The required output is the exact run of lines below that opens at the line with "#247=DIRECTION('',(1.,0.,0.));" and closes at the line with "#255=ORIENTED_EDGE('',*,*,#254,.T.);".

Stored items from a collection
════════════════
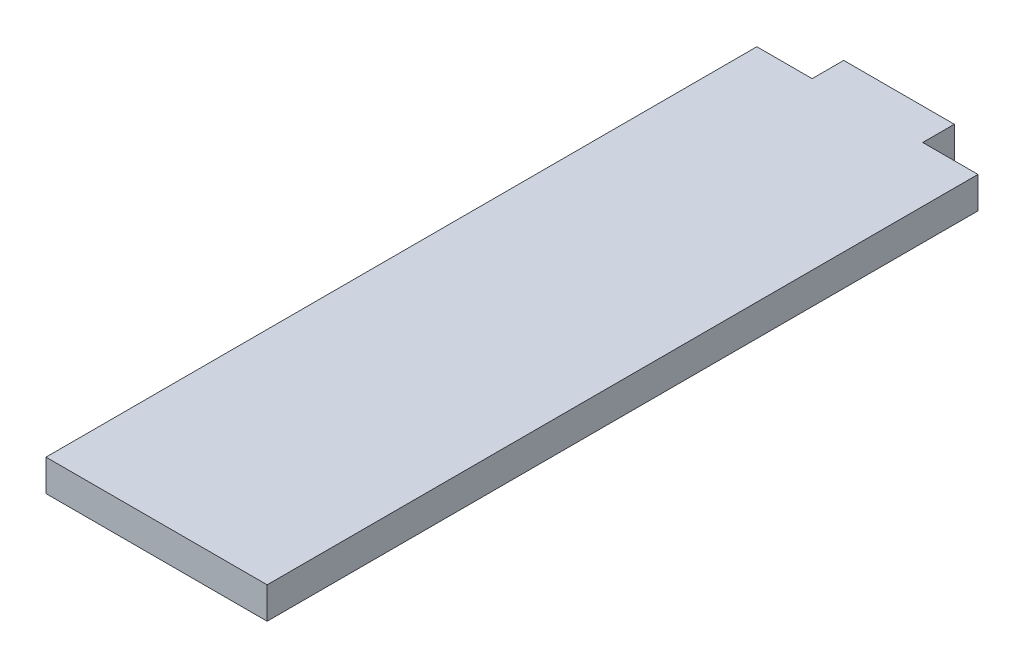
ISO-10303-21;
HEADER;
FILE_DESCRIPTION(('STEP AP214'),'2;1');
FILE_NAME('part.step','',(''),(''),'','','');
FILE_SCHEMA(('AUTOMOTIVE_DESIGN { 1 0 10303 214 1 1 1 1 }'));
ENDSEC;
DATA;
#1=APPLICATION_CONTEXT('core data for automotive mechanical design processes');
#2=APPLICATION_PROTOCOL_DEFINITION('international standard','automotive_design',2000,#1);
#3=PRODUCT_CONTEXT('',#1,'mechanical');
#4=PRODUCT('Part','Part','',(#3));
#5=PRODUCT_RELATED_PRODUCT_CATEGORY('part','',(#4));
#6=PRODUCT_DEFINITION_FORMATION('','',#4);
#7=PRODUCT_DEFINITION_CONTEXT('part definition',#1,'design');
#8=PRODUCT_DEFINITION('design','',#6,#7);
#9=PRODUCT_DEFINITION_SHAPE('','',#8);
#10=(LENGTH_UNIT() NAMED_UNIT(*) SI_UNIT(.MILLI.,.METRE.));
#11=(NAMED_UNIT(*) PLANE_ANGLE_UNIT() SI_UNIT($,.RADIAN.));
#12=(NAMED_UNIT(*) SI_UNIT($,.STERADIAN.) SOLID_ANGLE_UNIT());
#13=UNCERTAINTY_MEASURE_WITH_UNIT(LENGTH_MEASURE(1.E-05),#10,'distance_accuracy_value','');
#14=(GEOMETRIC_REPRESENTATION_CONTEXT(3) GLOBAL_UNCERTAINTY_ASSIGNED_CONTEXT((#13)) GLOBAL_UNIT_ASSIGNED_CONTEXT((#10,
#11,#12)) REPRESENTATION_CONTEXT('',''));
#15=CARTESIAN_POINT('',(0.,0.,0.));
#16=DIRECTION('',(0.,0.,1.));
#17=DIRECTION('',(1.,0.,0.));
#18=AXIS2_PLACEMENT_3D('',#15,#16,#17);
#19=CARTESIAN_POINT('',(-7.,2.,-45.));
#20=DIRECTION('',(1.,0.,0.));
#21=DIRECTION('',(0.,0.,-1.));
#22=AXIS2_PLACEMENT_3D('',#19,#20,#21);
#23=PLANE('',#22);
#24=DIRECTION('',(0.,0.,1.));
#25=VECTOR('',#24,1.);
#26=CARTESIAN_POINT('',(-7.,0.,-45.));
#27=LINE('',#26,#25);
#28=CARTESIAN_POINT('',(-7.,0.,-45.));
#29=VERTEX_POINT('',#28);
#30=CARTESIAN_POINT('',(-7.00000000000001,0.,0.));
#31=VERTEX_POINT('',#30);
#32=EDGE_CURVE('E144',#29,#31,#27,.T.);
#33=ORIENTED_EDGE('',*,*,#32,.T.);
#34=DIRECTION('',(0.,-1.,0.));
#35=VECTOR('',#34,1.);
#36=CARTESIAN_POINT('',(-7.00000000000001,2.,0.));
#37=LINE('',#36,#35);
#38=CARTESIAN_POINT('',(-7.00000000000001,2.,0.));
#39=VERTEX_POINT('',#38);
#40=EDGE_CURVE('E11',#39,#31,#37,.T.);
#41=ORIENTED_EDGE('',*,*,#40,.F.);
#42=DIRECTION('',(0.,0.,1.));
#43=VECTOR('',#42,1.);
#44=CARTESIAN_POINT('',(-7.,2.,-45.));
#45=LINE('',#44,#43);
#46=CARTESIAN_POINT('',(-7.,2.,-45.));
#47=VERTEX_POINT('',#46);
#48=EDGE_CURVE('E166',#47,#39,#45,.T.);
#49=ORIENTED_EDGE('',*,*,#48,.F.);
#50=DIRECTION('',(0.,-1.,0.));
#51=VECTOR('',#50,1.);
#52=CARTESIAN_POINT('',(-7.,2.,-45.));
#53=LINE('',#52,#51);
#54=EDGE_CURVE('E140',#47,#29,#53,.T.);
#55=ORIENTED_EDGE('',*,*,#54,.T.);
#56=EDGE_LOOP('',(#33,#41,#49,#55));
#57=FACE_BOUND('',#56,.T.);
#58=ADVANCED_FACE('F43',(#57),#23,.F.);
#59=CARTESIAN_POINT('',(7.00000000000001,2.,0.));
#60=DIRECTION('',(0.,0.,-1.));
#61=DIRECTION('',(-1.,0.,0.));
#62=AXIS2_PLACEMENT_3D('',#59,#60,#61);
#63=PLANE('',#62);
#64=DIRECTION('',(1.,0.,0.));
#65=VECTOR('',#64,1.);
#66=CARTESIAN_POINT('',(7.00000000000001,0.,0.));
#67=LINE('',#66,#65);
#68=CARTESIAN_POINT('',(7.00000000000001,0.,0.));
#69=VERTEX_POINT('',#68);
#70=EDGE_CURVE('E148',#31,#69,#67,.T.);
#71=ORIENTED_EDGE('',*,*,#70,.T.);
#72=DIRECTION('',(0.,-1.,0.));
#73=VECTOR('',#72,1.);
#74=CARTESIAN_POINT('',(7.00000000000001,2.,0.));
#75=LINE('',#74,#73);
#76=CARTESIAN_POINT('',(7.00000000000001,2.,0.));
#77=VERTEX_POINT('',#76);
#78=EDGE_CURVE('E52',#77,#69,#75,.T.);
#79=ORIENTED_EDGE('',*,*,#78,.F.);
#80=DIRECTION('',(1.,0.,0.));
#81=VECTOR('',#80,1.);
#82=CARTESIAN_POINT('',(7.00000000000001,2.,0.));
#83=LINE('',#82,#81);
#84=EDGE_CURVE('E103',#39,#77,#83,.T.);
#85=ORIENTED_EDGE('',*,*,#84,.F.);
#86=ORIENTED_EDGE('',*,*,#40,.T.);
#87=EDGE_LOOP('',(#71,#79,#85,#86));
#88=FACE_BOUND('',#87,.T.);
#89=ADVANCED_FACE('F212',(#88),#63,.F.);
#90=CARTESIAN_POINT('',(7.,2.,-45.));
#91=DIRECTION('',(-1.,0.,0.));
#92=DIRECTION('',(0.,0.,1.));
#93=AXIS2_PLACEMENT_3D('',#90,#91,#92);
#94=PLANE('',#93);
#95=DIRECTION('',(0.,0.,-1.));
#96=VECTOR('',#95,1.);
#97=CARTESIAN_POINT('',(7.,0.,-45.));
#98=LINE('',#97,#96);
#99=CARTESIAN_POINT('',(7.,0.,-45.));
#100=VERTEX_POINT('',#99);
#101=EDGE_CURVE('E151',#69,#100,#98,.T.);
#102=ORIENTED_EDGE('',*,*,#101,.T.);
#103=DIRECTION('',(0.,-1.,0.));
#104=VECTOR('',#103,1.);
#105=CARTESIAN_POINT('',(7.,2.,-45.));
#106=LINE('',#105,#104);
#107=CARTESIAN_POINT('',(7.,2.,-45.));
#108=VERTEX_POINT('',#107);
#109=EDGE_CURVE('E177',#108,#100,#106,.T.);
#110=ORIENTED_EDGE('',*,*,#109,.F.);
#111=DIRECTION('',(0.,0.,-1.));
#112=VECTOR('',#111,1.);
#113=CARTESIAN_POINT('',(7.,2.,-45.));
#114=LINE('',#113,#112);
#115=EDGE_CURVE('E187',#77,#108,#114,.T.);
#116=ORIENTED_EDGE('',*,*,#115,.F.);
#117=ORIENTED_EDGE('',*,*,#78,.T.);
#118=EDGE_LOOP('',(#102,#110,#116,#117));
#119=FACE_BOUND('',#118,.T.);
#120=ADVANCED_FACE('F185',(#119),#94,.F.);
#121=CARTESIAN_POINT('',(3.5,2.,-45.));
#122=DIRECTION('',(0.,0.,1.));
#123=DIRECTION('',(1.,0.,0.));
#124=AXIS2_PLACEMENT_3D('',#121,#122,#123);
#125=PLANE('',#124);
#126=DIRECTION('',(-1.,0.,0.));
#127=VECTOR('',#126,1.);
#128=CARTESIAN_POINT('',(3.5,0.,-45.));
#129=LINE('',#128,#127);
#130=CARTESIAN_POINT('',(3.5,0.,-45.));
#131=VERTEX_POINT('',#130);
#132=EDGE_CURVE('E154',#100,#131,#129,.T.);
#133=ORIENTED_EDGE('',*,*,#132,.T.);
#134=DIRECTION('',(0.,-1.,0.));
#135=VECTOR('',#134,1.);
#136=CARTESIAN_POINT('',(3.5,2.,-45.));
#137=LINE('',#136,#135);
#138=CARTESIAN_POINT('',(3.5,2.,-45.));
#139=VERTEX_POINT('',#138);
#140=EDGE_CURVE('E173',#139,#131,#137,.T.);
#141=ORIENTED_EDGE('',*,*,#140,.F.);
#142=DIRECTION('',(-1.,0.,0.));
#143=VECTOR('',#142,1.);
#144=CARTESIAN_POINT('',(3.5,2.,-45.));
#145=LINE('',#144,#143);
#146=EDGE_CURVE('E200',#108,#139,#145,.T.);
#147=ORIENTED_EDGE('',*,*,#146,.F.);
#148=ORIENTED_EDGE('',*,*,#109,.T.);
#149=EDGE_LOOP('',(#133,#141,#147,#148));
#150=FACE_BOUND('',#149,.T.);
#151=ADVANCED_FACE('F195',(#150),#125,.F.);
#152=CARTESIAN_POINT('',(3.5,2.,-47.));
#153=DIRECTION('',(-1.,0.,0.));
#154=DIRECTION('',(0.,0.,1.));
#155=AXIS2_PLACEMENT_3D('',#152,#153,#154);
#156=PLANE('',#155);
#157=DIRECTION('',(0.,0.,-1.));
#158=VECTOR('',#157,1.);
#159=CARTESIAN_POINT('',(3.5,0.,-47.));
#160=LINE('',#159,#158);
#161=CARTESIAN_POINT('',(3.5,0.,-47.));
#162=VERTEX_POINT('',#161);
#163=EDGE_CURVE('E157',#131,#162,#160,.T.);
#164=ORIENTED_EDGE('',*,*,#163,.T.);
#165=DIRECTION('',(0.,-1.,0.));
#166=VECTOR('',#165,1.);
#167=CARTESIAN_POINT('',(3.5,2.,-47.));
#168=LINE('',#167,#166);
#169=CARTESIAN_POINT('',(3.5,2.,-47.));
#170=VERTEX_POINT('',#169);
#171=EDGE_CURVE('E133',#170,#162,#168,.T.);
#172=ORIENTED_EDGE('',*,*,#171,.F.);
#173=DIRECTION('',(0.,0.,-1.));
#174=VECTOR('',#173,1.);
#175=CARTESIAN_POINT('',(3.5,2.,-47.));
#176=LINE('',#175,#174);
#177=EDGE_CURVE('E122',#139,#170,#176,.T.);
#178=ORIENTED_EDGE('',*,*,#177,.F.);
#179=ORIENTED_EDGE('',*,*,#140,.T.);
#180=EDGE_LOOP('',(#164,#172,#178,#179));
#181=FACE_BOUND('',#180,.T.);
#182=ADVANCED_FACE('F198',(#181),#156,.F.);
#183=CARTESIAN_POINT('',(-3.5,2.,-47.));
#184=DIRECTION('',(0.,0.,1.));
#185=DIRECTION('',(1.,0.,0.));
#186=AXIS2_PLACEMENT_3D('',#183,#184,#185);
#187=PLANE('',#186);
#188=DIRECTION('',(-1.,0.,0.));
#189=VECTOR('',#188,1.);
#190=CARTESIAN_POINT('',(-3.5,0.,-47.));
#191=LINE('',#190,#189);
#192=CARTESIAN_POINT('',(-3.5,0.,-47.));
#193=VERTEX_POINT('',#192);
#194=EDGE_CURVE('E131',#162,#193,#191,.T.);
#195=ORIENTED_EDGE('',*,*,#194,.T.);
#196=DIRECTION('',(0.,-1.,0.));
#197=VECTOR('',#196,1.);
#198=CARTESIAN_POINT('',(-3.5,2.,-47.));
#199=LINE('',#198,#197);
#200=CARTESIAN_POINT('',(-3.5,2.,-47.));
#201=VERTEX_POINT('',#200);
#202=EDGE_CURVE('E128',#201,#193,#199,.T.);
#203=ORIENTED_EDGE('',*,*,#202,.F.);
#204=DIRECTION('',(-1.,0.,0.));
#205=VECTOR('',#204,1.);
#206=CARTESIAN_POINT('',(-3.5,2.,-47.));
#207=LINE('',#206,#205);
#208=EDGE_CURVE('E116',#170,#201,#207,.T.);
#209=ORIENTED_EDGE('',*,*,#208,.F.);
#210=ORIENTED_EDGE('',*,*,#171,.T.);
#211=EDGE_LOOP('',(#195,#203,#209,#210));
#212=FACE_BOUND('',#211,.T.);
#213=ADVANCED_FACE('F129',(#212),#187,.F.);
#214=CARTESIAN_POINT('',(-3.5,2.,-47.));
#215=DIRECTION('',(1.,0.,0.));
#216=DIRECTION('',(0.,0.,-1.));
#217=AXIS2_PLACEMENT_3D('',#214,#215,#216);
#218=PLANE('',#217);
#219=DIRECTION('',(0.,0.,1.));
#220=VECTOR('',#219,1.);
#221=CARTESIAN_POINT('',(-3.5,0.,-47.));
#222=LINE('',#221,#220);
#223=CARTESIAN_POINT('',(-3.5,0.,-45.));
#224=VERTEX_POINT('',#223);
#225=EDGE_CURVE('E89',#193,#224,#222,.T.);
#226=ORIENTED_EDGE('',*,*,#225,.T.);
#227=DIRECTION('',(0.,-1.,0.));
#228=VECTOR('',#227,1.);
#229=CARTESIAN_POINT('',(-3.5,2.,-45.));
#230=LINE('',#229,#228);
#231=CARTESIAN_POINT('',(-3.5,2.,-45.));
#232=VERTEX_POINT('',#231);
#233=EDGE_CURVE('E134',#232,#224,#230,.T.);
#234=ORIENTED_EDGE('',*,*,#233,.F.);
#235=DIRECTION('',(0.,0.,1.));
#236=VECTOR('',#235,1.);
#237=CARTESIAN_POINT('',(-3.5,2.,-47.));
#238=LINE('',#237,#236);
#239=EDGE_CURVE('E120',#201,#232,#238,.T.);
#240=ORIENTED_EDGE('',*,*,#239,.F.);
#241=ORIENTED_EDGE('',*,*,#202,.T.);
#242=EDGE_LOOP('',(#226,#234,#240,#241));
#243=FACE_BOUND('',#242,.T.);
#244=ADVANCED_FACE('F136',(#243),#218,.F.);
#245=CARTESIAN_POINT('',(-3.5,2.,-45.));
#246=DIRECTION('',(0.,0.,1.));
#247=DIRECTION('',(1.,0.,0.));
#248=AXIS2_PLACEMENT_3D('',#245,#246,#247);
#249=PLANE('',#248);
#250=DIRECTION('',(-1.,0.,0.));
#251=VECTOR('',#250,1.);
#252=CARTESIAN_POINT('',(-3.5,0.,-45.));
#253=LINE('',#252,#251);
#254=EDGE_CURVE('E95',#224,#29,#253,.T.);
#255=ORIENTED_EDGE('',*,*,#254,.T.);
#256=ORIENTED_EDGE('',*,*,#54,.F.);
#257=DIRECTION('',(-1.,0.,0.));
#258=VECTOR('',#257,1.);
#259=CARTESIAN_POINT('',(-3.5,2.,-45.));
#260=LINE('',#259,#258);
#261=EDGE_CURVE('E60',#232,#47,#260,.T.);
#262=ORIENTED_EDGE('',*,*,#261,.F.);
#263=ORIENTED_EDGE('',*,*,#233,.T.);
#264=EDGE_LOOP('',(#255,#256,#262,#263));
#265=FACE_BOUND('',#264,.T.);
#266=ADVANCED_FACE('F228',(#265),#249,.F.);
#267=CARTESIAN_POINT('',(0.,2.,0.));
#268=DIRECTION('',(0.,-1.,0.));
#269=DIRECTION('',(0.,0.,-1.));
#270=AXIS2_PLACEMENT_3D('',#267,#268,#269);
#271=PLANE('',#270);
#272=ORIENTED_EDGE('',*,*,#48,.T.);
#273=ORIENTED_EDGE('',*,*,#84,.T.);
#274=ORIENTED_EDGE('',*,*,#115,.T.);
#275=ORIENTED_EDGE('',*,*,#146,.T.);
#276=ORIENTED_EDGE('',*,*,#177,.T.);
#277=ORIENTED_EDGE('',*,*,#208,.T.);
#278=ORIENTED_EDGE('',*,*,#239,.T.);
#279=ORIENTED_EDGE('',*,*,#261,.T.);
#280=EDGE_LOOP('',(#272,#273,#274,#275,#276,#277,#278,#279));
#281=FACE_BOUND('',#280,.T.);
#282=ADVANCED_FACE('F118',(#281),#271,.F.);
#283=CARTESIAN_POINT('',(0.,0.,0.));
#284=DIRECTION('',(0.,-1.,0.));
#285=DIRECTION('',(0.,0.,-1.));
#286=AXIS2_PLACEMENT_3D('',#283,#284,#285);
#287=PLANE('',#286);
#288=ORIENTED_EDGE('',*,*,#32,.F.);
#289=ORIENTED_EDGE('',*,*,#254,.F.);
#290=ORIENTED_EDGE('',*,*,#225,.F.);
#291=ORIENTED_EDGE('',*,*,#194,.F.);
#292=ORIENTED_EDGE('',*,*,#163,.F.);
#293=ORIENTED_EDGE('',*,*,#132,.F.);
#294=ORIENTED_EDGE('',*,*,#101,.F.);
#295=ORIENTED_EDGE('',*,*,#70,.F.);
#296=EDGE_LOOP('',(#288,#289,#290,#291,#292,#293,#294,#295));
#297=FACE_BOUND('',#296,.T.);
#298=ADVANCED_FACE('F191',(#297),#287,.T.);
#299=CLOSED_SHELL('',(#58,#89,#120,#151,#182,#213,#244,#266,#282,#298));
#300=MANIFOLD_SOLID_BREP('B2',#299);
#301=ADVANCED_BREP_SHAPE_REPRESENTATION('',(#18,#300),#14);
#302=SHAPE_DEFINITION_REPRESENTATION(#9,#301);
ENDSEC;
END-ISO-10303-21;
════════════════
» Expected answer:
#247=DIRECTION('',(1.,0.,0.));
#248=AXIS2_PLACEMENT_3D('',#245,#246,#247);
#249=PLANE('',#248);
#250=DIRECTION('',(-1.,0.,0.));
#251=VECTOR('',#250,1.);
#252=CARTESIAN_POINT('',(-3.5,0.,-45.));
#253=LINE('',#252,#251);
#254=EDGE_CURVE('E95',#224,#29,#253,.T.);
#255=ORIENTED_EDGE('',*,*,#254,.T.);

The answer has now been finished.